╭──

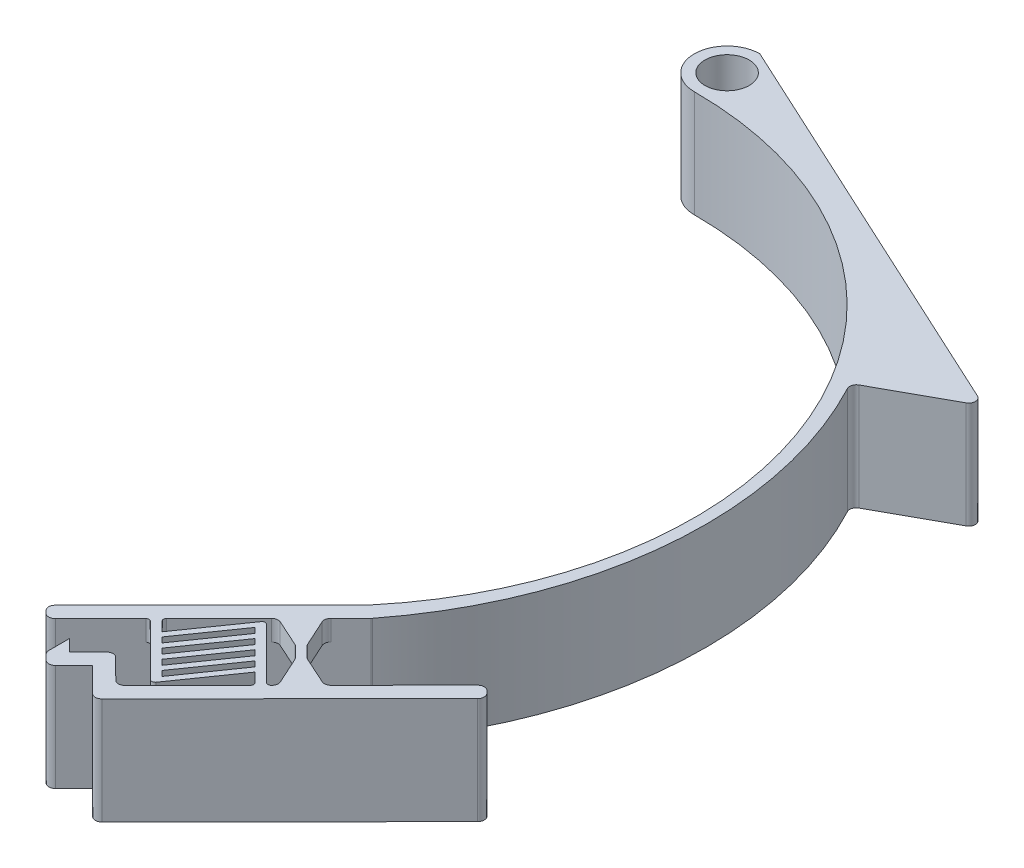
from build123d import *

# Parameters (mm, degrees)
BOSS_EXTRUDE1_DEPTH = 13
SKETCH2_W           = 10
SKETCH2_H           = 8
CUT_EXTRUDE1_DEPTH  = 23
FILLET2_R           = 0.8
FILLET3_R           = 0.4


with BuildPart() as part:
    # Sketch1 → Boss-Extrude1 (new body)
    # profile 1 of 9: a face of its own
    with BuildSketch(Plane(origin=(0, 0, 0), x_dir=(1, 0, 0), z_dir=(0, 1, 0))):
        with BuildLine():
            Line((0, 51.69999999999999), (0, 52.99999999999999))
            ThreePointArc((-9.3e-16, 52.999999999999986), (-4.000000000000001, 48.999999999999986), (0, 44.999999999999986))
            ThreePointArc((0, 44.99999999999999), (40.783850416649216, 19.017821778331506), (34.47199994035405, -28.925442435894198))
            Line((34.47199994035406, -28.9254424358942), (35.888260603401996, -30.337605930077153))
            Line((35.888260603401996, -30.337605930077153), (36.00408882659202, -30.211017655267263))
            ThreePointArc((36.00408882659201, -30.211017655267256), (46.250188794991274, -3.909012128546492), (40.31112943915424, 23.686379393552375))
            ThreePointArc((40.31112943915424, 23.686379393552375), (24.563687739130117, 40.824426362915915), (2.690955139008132, 48.77918233801223))
            ThreePointArc((2.6909551390081288, 48.77918233801222), (-1.985725017136943, 47.17054758019878), (2.055e-14, 51.69999999999999))
        make_face()
    # profile 2 of 9: a face of its own
    with BuildSketch(Plane(origin=(0, 0, 0), x_dir=(1, 0, 0), z_dir=(0, 1, 0))):
        with BuildLine():
            Line((50.82068164403521, 29.47855622552852), (0, 52.99999999999999))
            Line((0, 52.99999999999999), (0, 51.69999999999999))
            ThreePointArc((2.115e-14, 51.69999999999999), (1.909188309203686, 50.90918830920366), (2.7, 48.999999999999986))
            ThreePointArc((2.7, 48.999999999999986), (2.6977378370888774, 48.88949858671026), (2.6909551390081288, 48.77918233801222))
            ThreePointArc((2.690955139008132, 48.77918233801223), (24.563687739130117, 40.824426362915915), (40.31112943915424, 23.686379393552375))
            Line((40.311129439154236, 23.68637939355237), (50.82068164403521, 29.47855622552852))
        make_face()
    # profile 3 of 9: a face of its own
    with BuildSketch(Plane(origin=(0, 0, 0), x_dir=(1, 0, 0), z_dir=(0, 1, 0))):
        Polygon((21.766625661572498, -44.50021256055632), (35.888260603401996, -30.337605930077153), (34.47199994035406, -28.9254424358942), (20.350364998524487, -43.08804906637342), align=None)
    # profile 4 of 9: a face of its own
    with BuildSketch(Plane(origin=(0, 0, 0), x_dir=(1, 0, 0), z_dir=(0, 1, 0))):
        Polygon((34.83733232049475, -37.056649741824835), (33.063933615036056, -33.170127256173025), (30.23960662667018, -36.00264858226883), (34.13125057340328, -37.76478007334881), (35.5475112364512, -39.17694356753177), (37.32090994190985, -43.063466053183646), (40.145236930275736, -40.230944727087746), (36.25359298354269, -38.468813236007804), align=None)
    # profile 5 of 9: a face of its own
    with BuildSketch(Plane(origin=(0, 0, 0), x_dir=(1, 0, 0), z_dir=(0, 1, 0))):
        Polygon((51.446642052604496, -31.729283579935103), (30.26418963986006, -52.973193525654075), (28.84792897681213, -51.56103003147111), (50.03038138955656, -30.317120085752126), align=None)
    # profile 6 of 9: a face of its own
    with BuildSketch(Plane(origin=(0, 0, 0), x_dir=(1, 0, 0), z_dir=(0, 1, 0))):
        Polygon((23.17878915575541, -43.08395189750844), (22.47270740866399, -43.792082229032346), (29.270758591293983, -50.57046700111064), (34.50173196536596, -43.07678265401291), (35.9087464477269, -44.47972671623149), (36.61482819481838, -43.77159638470753), (29.81677701218832, -36.993211612629345), (24.585803638116356, -44.48689595972706), align=None)
        Polygon((32.77765265760353, -41.35769101853769), (28.12789854731734, -48.01874377151343), (27.490581248945773, -47.38327019913109), (32.14033535923197, -40.722217446155355), align=None, mode=Mode.SUBTRACT)
        Polygon((31.596954354536543, -40.1804084146089), (26.947200244250347, -46.84146116758463), (26.309882945878776, -46.20598759520231), (30.959637056164965, -39.54493484222657), align=None, mode=Mode.SUBTRACT)
        Polygon((33.95835096067053, -42.534973622466474), (29.308596850384333, -49.196026375442216), (28.671279552012766, -48.560552803059885), (33.321033662298966, -41.89950005008415), align=None, mode=Mode.SUBTRACT)
        Polygon((30.416256051469542, -39.00312581068011), (25.766501941183353, -45.664178563655845), (25.129184642811783, -45.02870499127351), (29.778938753097975, -38.36765223829777), align=None, mode=Mode.SUBTRACT)
    # profile 7 of 9: a face of its own
    with BuildSketch(Plane(origin=(0, 0, 0), x_dir=(1, 0, 0), z_dir=(0, 1, 0))):
        Polygon((27.435765482629172, -52.977290694519034), (28.84792897681213, -51.56103003147111), (30.26418963986006, -52.973193525654075), (27.439862651494142, -55.805714851749926), (23.899210993874338, -52.27530611629255), (21.074884005508324, -55.10782744238849), (19.658623342460395, -53.69566394820553), (23.895113825009364, -49.446881959061656), align=None)
    # profile 8 of 9: a face of its own
    with BuildSketch(Plane(origin=(0, 0, 0), x_dir=(1, 0, 0), z_dir=(0, 1, 0))):
        Polygon((19.658623342460395, -53.69566394820553), (21.07078683664336, -52.27940328515759), (19.654526173595425, -50.86723979097463), align=None)
    # profile 9 of 9: a face of its own
    with BuildSketch(Plane(origin=(0, 0, 0), x_dir=(1, 0, 0), z_dir=(0, 1, 0))):
        Polygon((20.350364998524487, -43.08804906637342), (14.701711021792637, -48.753091718565145), (16.11797168484057, -50.165255212748114), (21.766625661572498, -44.50021256055632), align=None)
    extrude(amount=BOSS_EXTRUDE1_DEPTH)

    # Sketch2 → Cut-Extrude1 (cut)
    with BuildSketch(Plane(origin=(-10.69214872852209, 0, 10.723170305733387), x_dir=(0.7081303315239577, 0, 0.7060817470914894), z_dir=(-0.7060817470914894, 0, 0.7081303315239577))):
        with Locations((51.834395676587455, 6.499999999999998)):
            Rectangle(SKETCH2_W, SKETCH2_H)
    extrude(amount=-CUT_EXTRUDE1_DEPTH, mode=Mode.SUBTRACT)

    # Fillet2
    fillet2_edges = [part.edges().sort_by_distance(p)[0] for p in [
        (35.5475112364512, 11.75, 39.17694356753177),
        (34.13125057340328, 11.75, 37.76478007334881),
        (30.23960662667018, 11.75, 36.00264858226883),
        (37.32090994190983, 11.75, 43.06346605318363),
        (50.03038138955656, 6.5, 30.317120085752126),
        (51.446642052604496, 6.5, 31.729283579935103),
        (27.439862651494142, 6.5, 55.805714851749926),
        (21.074884005508324, 6.5, 55.10782744238849),
        (19.658623342460395, 6.5, 53.69566394820553),
        (23.895113825009364, 6.5, 49.446881959061656),
        (27.435765482629172, 6.5, 52.977290694519034),
        (16.11797168484057, 6.5, 50.165255212748114),
        (14.701711021792637, 6.5, 48.753091718565145),
        (50.82068164403521, 6.5, -29.47855622552852),
        (40.31112943915424, 6.5, -23.68637939355238),
        (33.063933615036056, 11.75, 33.170127256173025),
        (34.83733232049475, 11.75, 37.056649741824835),
        (36.25359298354269, 11.75, 38.468813236007804),
        (40.14523693027576, 11.75, 40.23094472708776),
        (33.063933615036056, 1.2499999999999993, 33.170127256173025),
        (34.83733232049475, 1.2499999999999993, 37.056649741824835),
        (36.25359298354269, 1.2499999999999993, 38.468813236007804),
        (40.14523693027576, 1.2499999999999993, 40.23094472708776),
        (30.23960662667018, 1.2499999999999993, 36.00264858226883),
        (37.32090994190983, 1.2499999999999993, 43.06346605318363),
    ]]
    fillet(fillet2_edges, radius=FILLET2_R)

    # Fillet3
    fillet3_edges = [part.edges().sort_by_distance(p)[0] for p in [
        (23.17878915575541, 11.75, 43.08395189750844),
        (29.81677701218832, 11.75, 36.993211612629345),
        (36.61482819481838, 11.75, 43.77159638470753),
        (35.9087464477269, 11.75, 44.47972671623149),
        (29.270758591293983, 11.75, 50.57046700111064),
        (22.472707408664043, 11.75, 43.7920822290324),
        (35.9087464477269, 1.2499999999999993, 44.47972671623149),
        (29.270758591293983, 1.2499999999999993, 50.57046700111064),
        (22.472707408664043, 1.2499999999999993, 43.7920822290324),
        (23.17878915575541, 1.2499999999999993, 43.08395189750844),
        (29.81677701218832, 1.2499999999999993, 36.993211612629345),
        (36.61482819481838, 1.2499999999999993, 43.77159638470753),
    ]]
    fillet(fillet3_edges, radius=FILLET3_R)


solid = part.part

╰──

WORK TASK: Starting at the line that has "48.999999999999986), (0, 44.999999999999986))" in the records above, restate word for word every line until the one that has "-30.337605930077153), (36.00408882659202, -30.211017655267263))", and include that one as well.

OUTPUT OF THE TASK:
            ThreePointArc((-9.3e-16, 52.999999999999986), (-4.000000000000001, 48.999999999999986), (0, 44.999999999999986))
            ThreePointArc((0, 44.99999999999999), (40.783850416649216, 19.017821778331506), (34.47199994035405, -28.925442435894198))
            Line((34.47199994035406, -28.9254424358942), (35.888260603401996, -30.337605930077153))
            Line((35.888260603401996, -30.337605930077153), (36.00408882659202, -30.211017655267263))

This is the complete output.